**Brief**.
From the material beneath, pull every line with the word "register".

**Task inputs**.

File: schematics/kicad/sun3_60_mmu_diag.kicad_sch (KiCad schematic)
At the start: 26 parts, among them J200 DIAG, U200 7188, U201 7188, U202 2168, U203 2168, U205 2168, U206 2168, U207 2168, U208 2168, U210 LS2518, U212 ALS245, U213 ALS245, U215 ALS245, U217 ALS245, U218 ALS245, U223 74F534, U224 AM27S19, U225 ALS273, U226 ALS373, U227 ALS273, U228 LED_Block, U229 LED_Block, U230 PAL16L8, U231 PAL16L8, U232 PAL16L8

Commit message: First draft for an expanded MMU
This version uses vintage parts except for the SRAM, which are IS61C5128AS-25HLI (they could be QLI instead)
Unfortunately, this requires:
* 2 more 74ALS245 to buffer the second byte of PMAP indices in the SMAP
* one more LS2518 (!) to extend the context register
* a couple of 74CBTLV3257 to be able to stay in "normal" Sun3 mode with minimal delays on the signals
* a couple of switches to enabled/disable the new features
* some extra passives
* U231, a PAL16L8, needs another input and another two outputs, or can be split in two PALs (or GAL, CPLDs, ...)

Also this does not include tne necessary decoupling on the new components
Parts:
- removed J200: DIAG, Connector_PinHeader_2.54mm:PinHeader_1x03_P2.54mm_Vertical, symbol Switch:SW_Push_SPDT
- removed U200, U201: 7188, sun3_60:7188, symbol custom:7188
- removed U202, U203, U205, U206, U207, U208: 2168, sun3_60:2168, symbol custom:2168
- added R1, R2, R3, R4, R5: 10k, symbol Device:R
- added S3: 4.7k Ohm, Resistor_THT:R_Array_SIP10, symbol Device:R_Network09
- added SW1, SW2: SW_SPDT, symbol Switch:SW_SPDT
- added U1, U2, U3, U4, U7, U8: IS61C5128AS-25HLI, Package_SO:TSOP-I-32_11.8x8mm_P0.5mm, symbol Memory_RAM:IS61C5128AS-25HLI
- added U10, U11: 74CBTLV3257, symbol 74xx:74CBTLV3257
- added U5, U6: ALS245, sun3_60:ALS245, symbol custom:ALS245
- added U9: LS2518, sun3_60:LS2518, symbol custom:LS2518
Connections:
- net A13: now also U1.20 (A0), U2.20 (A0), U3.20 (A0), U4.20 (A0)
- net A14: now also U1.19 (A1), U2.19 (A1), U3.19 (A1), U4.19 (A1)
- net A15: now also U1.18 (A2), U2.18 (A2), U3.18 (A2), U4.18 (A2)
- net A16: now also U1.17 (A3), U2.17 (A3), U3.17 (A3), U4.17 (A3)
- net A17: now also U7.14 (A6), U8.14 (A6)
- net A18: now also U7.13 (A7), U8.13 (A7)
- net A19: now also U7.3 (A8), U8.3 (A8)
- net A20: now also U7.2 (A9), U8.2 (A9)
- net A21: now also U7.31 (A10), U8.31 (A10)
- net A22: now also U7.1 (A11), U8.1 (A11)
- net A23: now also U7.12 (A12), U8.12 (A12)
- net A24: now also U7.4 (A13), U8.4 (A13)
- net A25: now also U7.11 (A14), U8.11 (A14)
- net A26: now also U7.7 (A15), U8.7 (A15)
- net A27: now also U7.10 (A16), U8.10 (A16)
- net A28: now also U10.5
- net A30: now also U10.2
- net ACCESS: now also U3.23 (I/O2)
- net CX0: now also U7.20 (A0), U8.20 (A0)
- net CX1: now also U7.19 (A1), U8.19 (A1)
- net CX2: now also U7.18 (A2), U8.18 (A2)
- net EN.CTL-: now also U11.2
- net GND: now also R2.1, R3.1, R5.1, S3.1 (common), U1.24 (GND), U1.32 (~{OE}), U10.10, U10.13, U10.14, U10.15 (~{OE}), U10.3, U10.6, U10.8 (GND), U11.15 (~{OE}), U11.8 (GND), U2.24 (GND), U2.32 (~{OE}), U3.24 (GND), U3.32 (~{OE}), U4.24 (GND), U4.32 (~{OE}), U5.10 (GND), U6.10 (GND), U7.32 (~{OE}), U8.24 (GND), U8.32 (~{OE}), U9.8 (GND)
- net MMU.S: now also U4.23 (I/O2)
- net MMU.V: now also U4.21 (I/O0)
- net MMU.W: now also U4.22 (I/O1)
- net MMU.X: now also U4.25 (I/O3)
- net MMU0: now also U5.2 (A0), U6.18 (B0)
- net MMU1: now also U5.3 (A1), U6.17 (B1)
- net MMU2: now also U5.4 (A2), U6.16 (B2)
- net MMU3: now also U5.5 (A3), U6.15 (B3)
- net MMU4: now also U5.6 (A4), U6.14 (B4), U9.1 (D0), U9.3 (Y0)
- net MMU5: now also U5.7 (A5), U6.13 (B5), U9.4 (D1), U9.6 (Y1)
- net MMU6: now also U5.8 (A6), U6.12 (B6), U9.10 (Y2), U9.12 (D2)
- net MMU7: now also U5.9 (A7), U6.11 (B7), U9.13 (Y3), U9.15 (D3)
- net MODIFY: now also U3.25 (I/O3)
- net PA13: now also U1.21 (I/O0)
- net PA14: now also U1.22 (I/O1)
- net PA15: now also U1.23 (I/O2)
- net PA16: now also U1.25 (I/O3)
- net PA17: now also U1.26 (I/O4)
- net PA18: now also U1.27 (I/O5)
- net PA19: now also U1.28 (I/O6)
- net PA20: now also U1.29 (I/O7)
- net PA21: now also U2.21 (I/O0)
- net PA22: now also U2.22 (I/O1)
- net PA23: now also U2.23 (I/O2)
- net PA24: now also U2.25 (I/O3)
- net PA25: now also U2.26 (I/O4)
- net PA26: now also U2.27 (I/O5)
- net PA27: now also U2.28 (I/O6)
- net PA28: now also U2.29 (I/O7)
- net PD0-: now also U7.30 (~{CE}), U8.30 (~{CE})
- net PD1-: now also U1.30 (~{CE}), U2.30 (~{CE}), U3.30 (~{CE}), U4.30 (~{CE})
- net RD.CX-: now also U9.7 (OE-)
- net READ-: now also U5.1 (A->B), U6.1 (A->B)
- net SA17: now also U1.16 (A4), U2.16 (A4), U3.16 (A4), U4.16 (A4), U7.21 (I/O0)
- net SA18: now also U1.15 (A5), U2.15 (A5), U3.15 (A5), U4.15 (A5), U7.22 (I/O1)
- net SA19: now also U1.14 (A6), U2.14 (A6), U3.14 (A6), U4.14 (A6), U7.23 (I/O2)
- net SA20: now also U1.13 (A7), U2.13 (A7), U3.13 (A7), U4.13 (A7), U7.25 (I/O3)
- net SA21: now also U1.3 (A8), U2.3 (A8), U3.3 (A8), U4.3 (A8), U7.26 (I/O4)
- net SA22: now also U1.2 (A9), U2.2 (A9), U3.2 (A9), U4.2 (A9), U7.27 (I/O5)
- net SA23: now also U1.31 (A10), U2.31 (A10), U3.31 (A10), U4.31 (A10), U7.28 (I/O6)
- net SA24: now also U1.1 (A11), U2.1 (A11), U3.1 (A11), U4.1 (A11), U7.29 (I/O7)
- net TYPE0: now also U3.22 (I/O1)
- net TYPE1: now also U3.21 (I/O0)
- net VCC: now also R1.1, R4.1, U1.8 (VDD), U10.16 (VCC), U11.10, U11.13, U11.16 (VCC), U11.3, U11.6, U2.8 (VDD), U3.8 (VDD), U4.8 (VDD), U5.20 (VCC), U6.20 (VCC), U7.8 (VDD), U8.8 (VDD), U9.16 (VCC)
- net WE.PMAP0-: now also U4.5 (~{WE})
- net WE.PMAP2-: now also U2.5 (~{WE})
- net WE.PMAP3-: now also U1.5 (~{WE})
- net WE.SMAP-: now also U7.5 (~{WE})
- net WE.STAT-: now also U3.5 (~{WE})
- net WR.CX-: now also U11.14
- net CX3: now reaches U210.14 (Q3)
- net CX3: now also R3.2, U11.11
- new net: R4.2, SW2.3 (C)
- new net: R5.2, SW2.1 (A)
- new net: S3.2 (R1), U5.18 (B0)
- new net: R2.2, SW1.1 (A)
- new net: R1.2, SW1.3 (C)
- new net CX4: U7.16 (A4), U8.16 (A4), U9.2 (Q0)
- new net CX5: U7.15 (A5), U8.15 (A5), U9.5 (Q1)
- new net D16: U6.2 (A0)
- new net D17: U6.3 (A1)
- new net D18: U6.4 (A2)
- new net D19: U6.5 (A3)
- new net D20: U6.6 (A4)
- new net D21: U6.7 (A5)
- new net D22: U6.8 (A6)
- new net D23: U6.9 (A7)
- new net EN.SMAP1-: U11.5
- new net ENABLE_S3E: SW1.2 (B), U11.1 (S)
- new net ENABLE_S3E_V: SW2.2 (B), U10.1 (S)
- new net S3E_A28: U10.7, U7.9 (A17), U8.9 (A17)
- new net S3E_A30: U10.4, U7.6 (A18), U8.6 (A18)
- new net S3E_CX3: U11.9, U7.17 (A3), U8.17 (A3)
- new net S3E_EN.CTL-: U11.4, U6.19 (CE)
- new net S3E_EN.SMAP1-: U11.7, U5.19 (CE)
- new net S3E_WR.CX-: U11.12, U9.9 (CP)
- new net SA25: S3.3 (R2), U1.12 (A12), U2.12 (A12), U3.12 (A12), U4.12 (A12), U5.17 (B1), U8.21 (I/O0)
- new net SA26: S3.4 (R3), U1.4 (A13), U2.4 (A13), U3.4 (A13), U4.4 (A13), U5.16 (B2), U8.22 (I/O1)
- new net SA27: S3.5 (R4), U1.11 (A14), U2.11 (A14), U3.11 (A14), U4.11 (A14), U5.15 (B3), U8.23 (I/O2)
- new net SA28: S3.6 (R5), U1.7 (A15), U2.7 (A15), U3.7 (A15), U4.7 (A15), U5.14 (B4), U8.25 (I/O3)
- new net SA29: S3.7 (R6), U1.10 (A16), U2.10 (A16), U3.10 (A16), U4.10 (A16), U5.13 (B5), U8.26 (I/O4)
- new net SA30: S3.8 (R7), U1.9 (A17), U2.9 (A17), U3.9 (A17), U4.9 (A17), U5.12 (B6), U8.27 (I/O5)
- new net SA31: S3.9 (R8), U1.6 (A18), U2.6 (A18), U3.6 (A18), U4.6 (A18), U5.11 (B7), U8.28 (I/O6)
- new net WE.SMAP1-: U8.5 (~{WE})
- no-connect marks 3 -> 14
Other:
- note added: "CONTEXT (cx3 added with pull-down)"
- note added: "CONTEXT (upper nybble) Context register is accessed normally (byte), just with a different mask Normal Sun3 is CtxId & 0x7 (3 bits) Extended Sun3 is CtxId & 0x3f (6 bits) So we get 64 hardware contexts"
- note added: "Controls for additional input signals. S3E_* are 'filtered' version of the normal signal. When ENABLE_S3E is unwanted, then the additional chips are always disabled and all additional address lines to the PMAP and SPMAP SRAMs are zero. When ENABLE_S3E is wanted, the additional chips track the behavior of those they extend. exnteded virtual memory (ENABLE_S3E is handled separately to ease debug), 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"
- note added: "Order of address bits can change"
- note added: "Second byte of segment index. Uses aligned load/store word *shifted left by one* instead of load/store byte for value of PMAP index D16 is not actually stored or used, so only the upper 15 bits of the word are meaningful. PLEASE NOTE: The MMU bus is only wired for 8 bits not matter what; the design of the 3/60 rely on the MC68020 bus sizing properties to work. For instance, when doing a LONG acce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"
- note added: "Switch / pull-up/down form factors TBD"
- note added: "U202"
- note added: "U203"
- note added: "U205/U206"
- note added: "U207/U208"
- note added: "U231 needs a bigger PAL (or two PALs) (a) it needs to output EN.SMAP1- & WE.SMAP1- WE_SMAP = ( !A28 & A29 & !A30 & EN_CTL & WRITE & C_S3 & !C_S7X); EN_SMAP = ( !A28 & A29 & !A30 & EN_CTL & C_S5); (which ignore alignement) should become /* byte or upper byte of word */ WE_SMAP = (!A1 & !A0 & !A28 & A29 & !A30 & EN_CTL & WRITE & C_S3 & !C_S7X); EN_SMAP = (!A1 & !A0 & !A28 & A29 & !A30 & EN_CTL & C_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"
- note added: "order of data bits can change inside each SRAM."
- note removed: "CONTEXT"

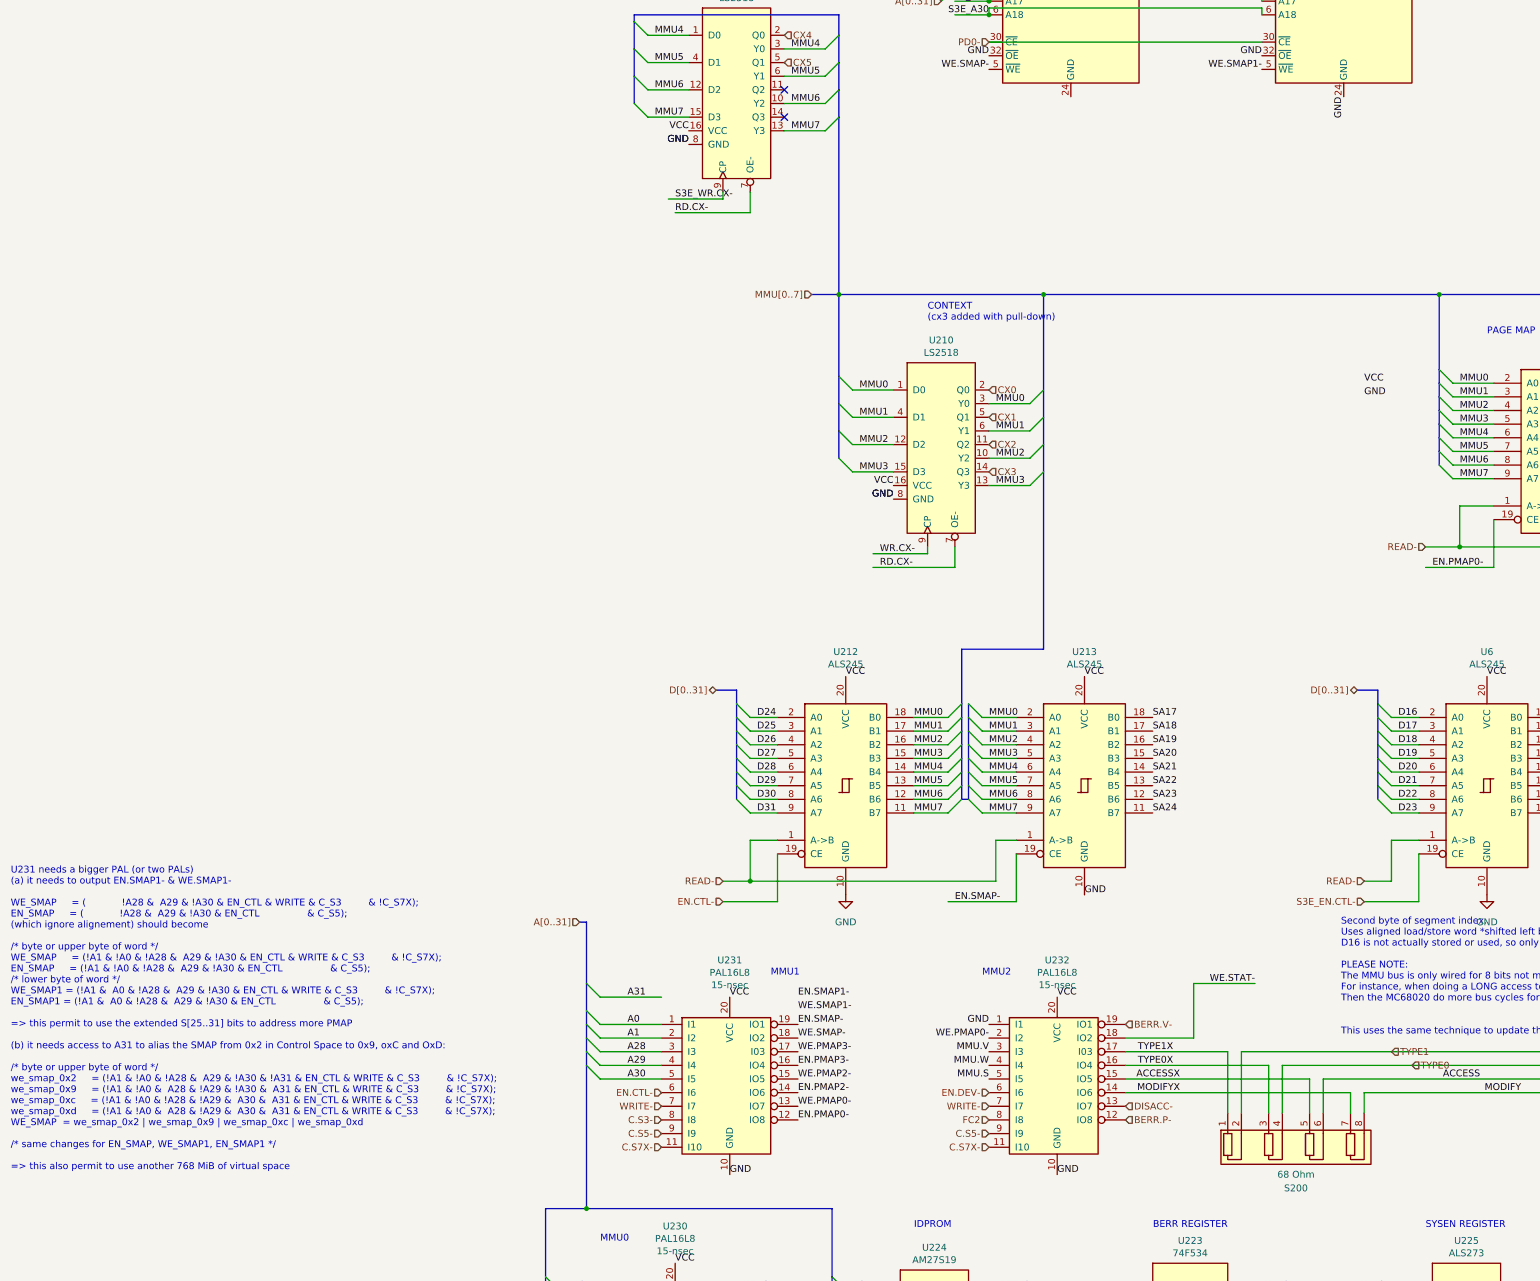
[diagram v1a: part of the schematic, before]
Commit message: PMAP1, missing GND
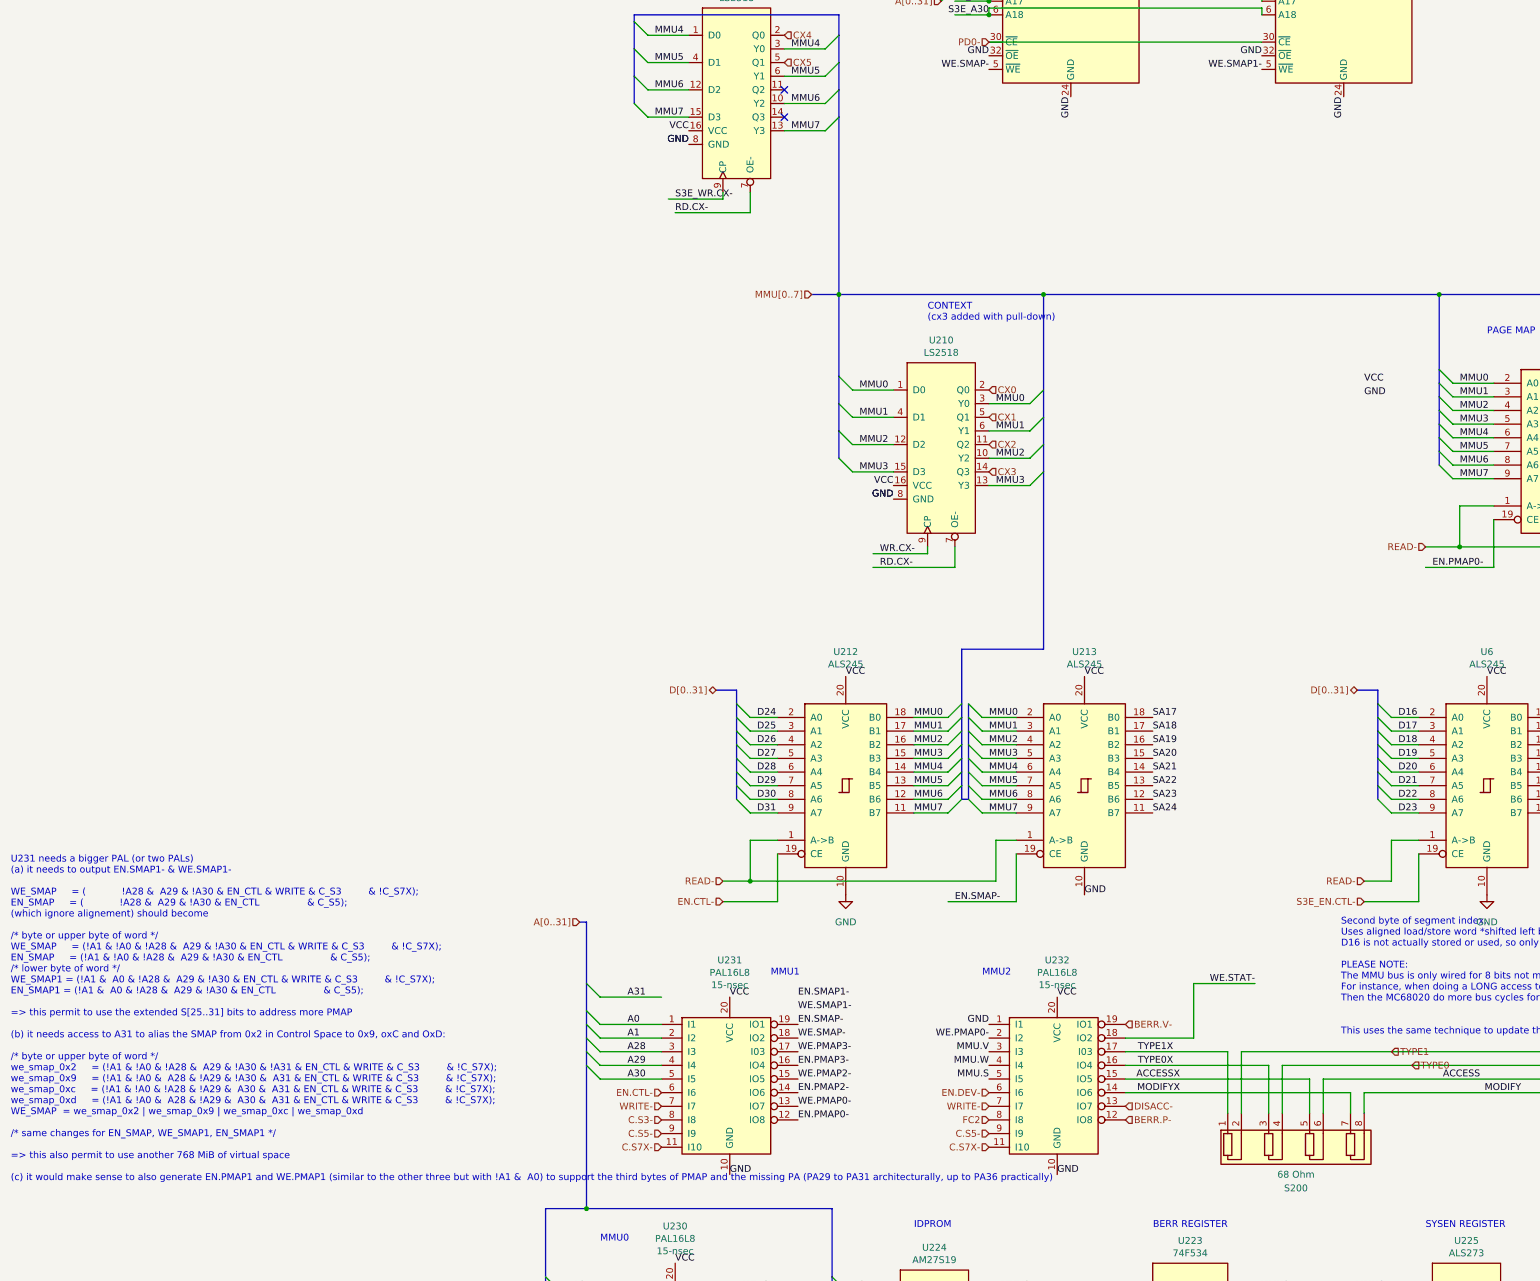
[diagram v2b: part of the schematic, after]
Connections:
- net GND: now also U7.24 (GND)
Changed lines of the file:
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@@
 		)
 	)
-	(text "U231 needs a bigger PAL (or two PALs)\n(a) it needs to output EN.SMAP1- & WE.SMAP1-\n\nWE_SMAP	 = (            !A28 &  A29 & !A30 & EN_CTL & WRITE & C_S3         & !C_S7X);\nEN_SMAP	 = (            !A28 &  A29 & !A30 & EN_CTL                & C_S5);\n(which ignore alignement) should become\n\n/* byte or upper byte of word */\nWE_SMAP	 = (!A1 & !A0 & !A28 &  A29 & !A30 & EN_CTL & WRITE & C_S3         & !C_S7X);\nEN_SMAP	 = (!A1 & !A0 & !A28 &  A29 & !A30 & EN_CTL                & C_S5);\n/* lower byte of word */\nWE_SMAP1 = (!A1 &  A0 & !A28 &  A29 & !A30 & EN_CTL & WRITE & C_S3         & !C_S7X);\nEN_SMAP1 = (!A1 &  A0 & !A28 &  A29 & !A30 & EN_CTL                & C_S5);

**Result**.
* one more LS2518 (!) to extend the context register
- note added: "CONTEXT (upper nybble) Context register is accessed normally (byte), just with a different mask Normal Sun3 is CtxId & 0x7 (3 bits) Extended Sun3 is CtxId & 0x3f (6 bits) So we get 64 hardware contexts"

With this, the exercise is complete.